There is an interesting article in today’s Sunday Times Style magazine about blogging and the monetisation of blogs. For an ordinary person, this involves building a strong personal brand and a following, and then getting paid for sponsored posts.
Once the reach and audience is there, beauty and fashion bloggers can command huge fees because brands in this industry have huge budgets for advertising and marketing. As such, bloggers spend years creating content for free ,having to maintain huge determination throughout, trusting that in the end, they will get where they want to be.
This monetisation of a blog through content creation, some of which becomes charged for, is what I passionately believe in for my clients, especially the more well-known ones.
You see, a celebrity is the ultimate digital influencer. As Simon Chambers, director of Storm models, tells the magazine, when discussing how models such as Cara Delevigne charge for social media posts: ‘There is a media space that belongs to a person – it’s an asset – and if a brand wants to access that then it has to treat it like buying media. The cost grows as a girl’s following grows.’
Yet many celebrities are simply so busy with their day jobs, or talented in different creative areas that don’t include digital know-how, they haven’t realised the potential there is here and even if they don’t, don’t know how to make the potential a reality.
Yet celebrity has so many clear advantages over the normal blogger and so doing this is much easier than for ‘normal’ folk. Firstly, there is no need to begin this process by building a following. Most celebrities already have a following. A celebrity has no need to try and become an influencer as they already are an influencer. People already listen to what they have to say. Being a celebrity puts rocket fuel into the process.
Well-known people are also desired by the mass, traditional media. An online blogger may have a huge global reach in terms of numbers, but most struggle to get airtime on conventional media channels such as television and radio, or get column inches in print media and their associated websites, because the ‘old skool’ editors of these publications have no idea who these people are.
These forms of media may be going through change but they still offer large audiences, are considered trusted credible resources and as such have huge appeal to brands.
Consistent blogging (which would usually be a managed blog for which the content is created by a team working for that celebrity) enables a celebrity to straddle both the new and old media and gain from everything BOTH have to offer.

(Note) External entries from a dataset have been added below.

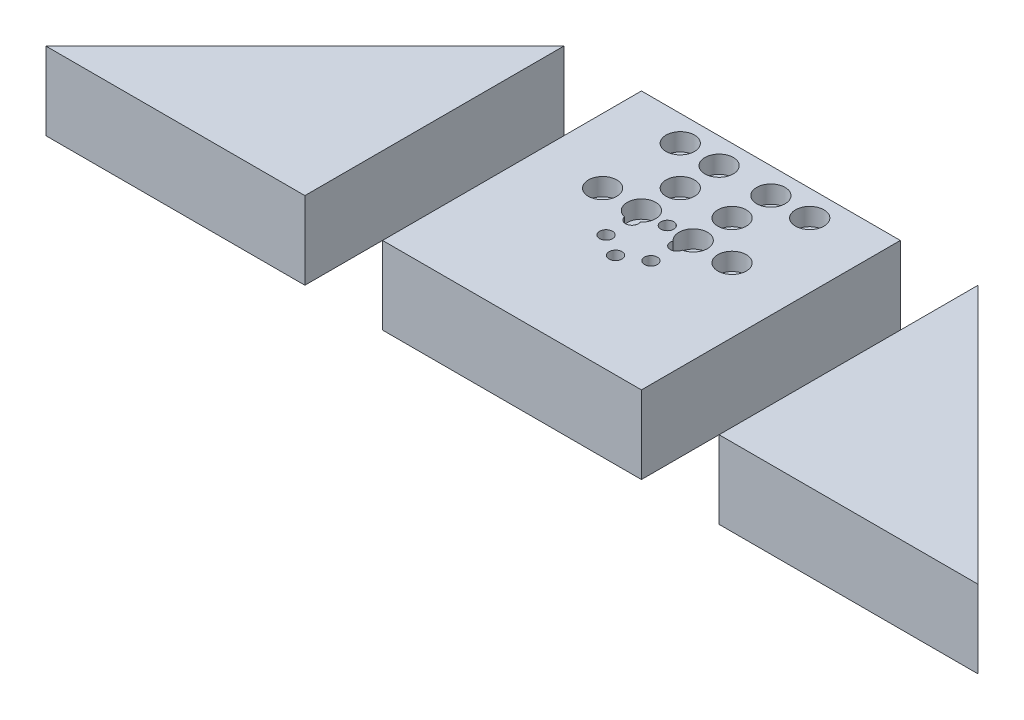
from build123d import *

# Parameters (mm, degrees)
EXTRUDE_1_DEPTH             = 30
SKETCH_1_W                  = 100
SKETCH_1_H                  = 100
EXTRUDE_1_2_DEPTH           = 30
SKETCH_11_W                 = 2.5
SKETCH_11_H                 = 30
PATTERN_LINEAR_1_COUNT      = 2
PATTERN_LINEAR_1_PITCH      = 15
PATTERN_LINEAR_1_COUNT_DIR2 = 3
PATTERN_LINEAR_1_PITCH_DIR2 = 15
PATTERN_CIRCULAR_1_COUNT    = 6


with BuildPart() as part:
    # Sketch 1 → Extrude 1 (new body)
    with BuildSketch(Plane(origin=(0, 0, 0), x_dir=(1, 0, 0), z_dir=(0, 1, 0))):
        Polygon((80, -50), (180, -50), (80, 50), align=None)
    extrude(amount=EXTRUDE_1_DEPTH)


with BuildPart() as body_2:
    # Sketch 1 → Extrude 1 2 (new body)
    with BuildSketch(Plane(origin=(0, 0, 0), x_dir=(1, 0, 0), z_dir=(0, 1, 0))):
        Rectangle(SKETCH_1_W, SKETCH_1_H)
    extrude(amount=EXTRUDE_1_2_DEPTH)

    # Sketch 4 → Hole Wizard 1 (revolve, cut)
    with BuildSketch(Plane(origin=(-25, 30, -10), x_dir=(0, 0, 1), z_dir=(1, 0, 0))):
        Polygon((0, 0), (0, 30), (3.3, 30), (3.3, 6.8), (5.5, 6.8), (5.5, 0), align=None)
    hole_wizard_1 = revolve(axis=Axis((-25, 36.35, -10), (0, -1, 0)), mode=Mode.SUBTRACT)

    # Sketch 11 → Hole Wizard M6 _1 (revolve, cut)
    with BuildSketch(Plane(origin=(0, 30, -10), x_dir=(0, 0, 1), z_dir=(1, 0, 0))):
        with Locations((1.25, 15)):
            Rectangle(SKETCH_11_W, SKETCH_11_H)
    hole_wizard_m6_1 = revolve(axis=Axis((0, 36.35, -10), (0, -1, 0)), mode=Mode.SUBTRACT)

    # Pattern Linear 1: Hole Wizard 1 2 × 3, 1 skipped
    with Locations(*[(i * PATTERN_LINEAR_1_PITCH, 0, -j * PATTERN_LINEAR_1_PITCH_DIR2) for i in range(PATTERN_LINEAR_1_COUNT) for j in range(PATTERN_LINEAR_1_COUNT_DIR2) if (i, j) not in ((0, 0), (0, 1))]):
        add(hole_wizard_1, mode=Mode.SUBTRACT)

    # Pattern Circular 1: Hole Wizard M6 _1 ×6 about axis
    pattern_circular_1_axis = Axis((0, 0, 0), (0, 1, 0))
    for i in range(1, PATTERN_CIRCULAR_1_COUNT):
        add(hole_wizard_m6_1.rotate(pattern_circular_1_axis, i * 360 / PATTERN_CIRCULAR_1_COUNT), mode=Mode.SUBTRACT)

    # Mirror 3: Hole Wizard 1 across plane
    add(hole_wizard_1.mirror(Plane(origin=(0, 0, 0), x_dir=(0, 0, 1), z_dir=(1, 0, 0))), mode=Mode.SUBTRACT)

    # Mirror 3 copy 1 sketch → Mirror 3 copy 1 (revolve, cut)
    with BuildSketch(Plane(origin=(25, 30, -40), x_dir=(0, 0, 1), z_dir=(-1, 0, 0))):
        Polygon((0, 0), (0, -30), (3.3, -30), (3.3, -6.8), (5.5, -6.8), (5.5, 0), align=None)
    revolve(axis=Axis((25, 36.35, -40), (0, 1, 0)), mode=Mode.SUBTRACT)

    # Mirror 3 copy 2 sketch → Mirror 3 copy 2 (revolve, cut)
    with BuildSketch(Plane(origin=(10, 30, -10), x_dir=(0, 0, 1), z_dir=(-1, 0, 0))):
        Polygon((0, 0), (0, -30), (3.3, -30), (3.3, -6.8), (5.5, -6.8), (5.5, 0), align=None)
    revolve(axis=Axis((10, 36.35, -10), (0, 1, 0)), mode=Mode.SUBTRACT)

    # Mirror 3 copy 3 sketch → Mirror 3 copy 3 (revolve, cut)
    with BuildSketch(Plane(origin=(10, 30, -25), x_dir=(0, 0, 1), z_dir=(-1, 0, 0))):
        Polygon((0, 0), (0, -30), (3.3, -30), (3.3, -6.8), (5.5, -6.8), (5.5, 0), align=None)
    revolve(axis=Axis((10, 36.35, -25), (0, 1, 0)), mode=Mode.SUBTRACT)

    # Mirror 3 copy 4 sketch → Mirror 3 copy 4 (revolve, cut)
    with BuildSketch(Plane(origin=(10, 30, -40), x_dir=(0, 0, 1), z_dir=(-1, 0, 0))):
        Polygon((0, 0), (0, -30), (3.3, -30), (3.3, -6.8), (5.5, -6.8), (5.5, 0), align=None)
    revolve(axis=Axis((10, 36.35, -40), (0, 1, 0)), mode=Mode.SUBTRACT)


with BuildPart() as body_3:
    # Mirror 5: mirrored copy
    add(part.part.mirror(Plane(origin=(0, 0, 0), x_dir=(0, 0, 1), z_dir=(1, 0, 0))))


solid = Compound([part.part, body_2.part, body_3.part])

By applying the same principles that any blogger does, mainly engaging their following with regular content and thus themselves becoming a publisher with a media space, they can command high fees from sponsored posts (and sponsored social media) in the same way any other online publisher can.
And at the same time, they can position themselves in traditional media, via publicity, either giving exclusive interviews or creating content of a sort that gets picked up and used by the mainstream press. All of which only serves to drive even more people back to the blog, meaning the celebrity further benefits from increasing numbers hitting their website, seeing its great personal showcase, and being able to drive visitors towards such things as bookings, products and ticket sales. Merchandise and product licensing joint ventures would then start to appear…..
Together, this perfect storm of new and traditional media coupled with a strong personal brand and a ready made following creates the ideal head of steam for well-known people to get, do and be even more than they are already.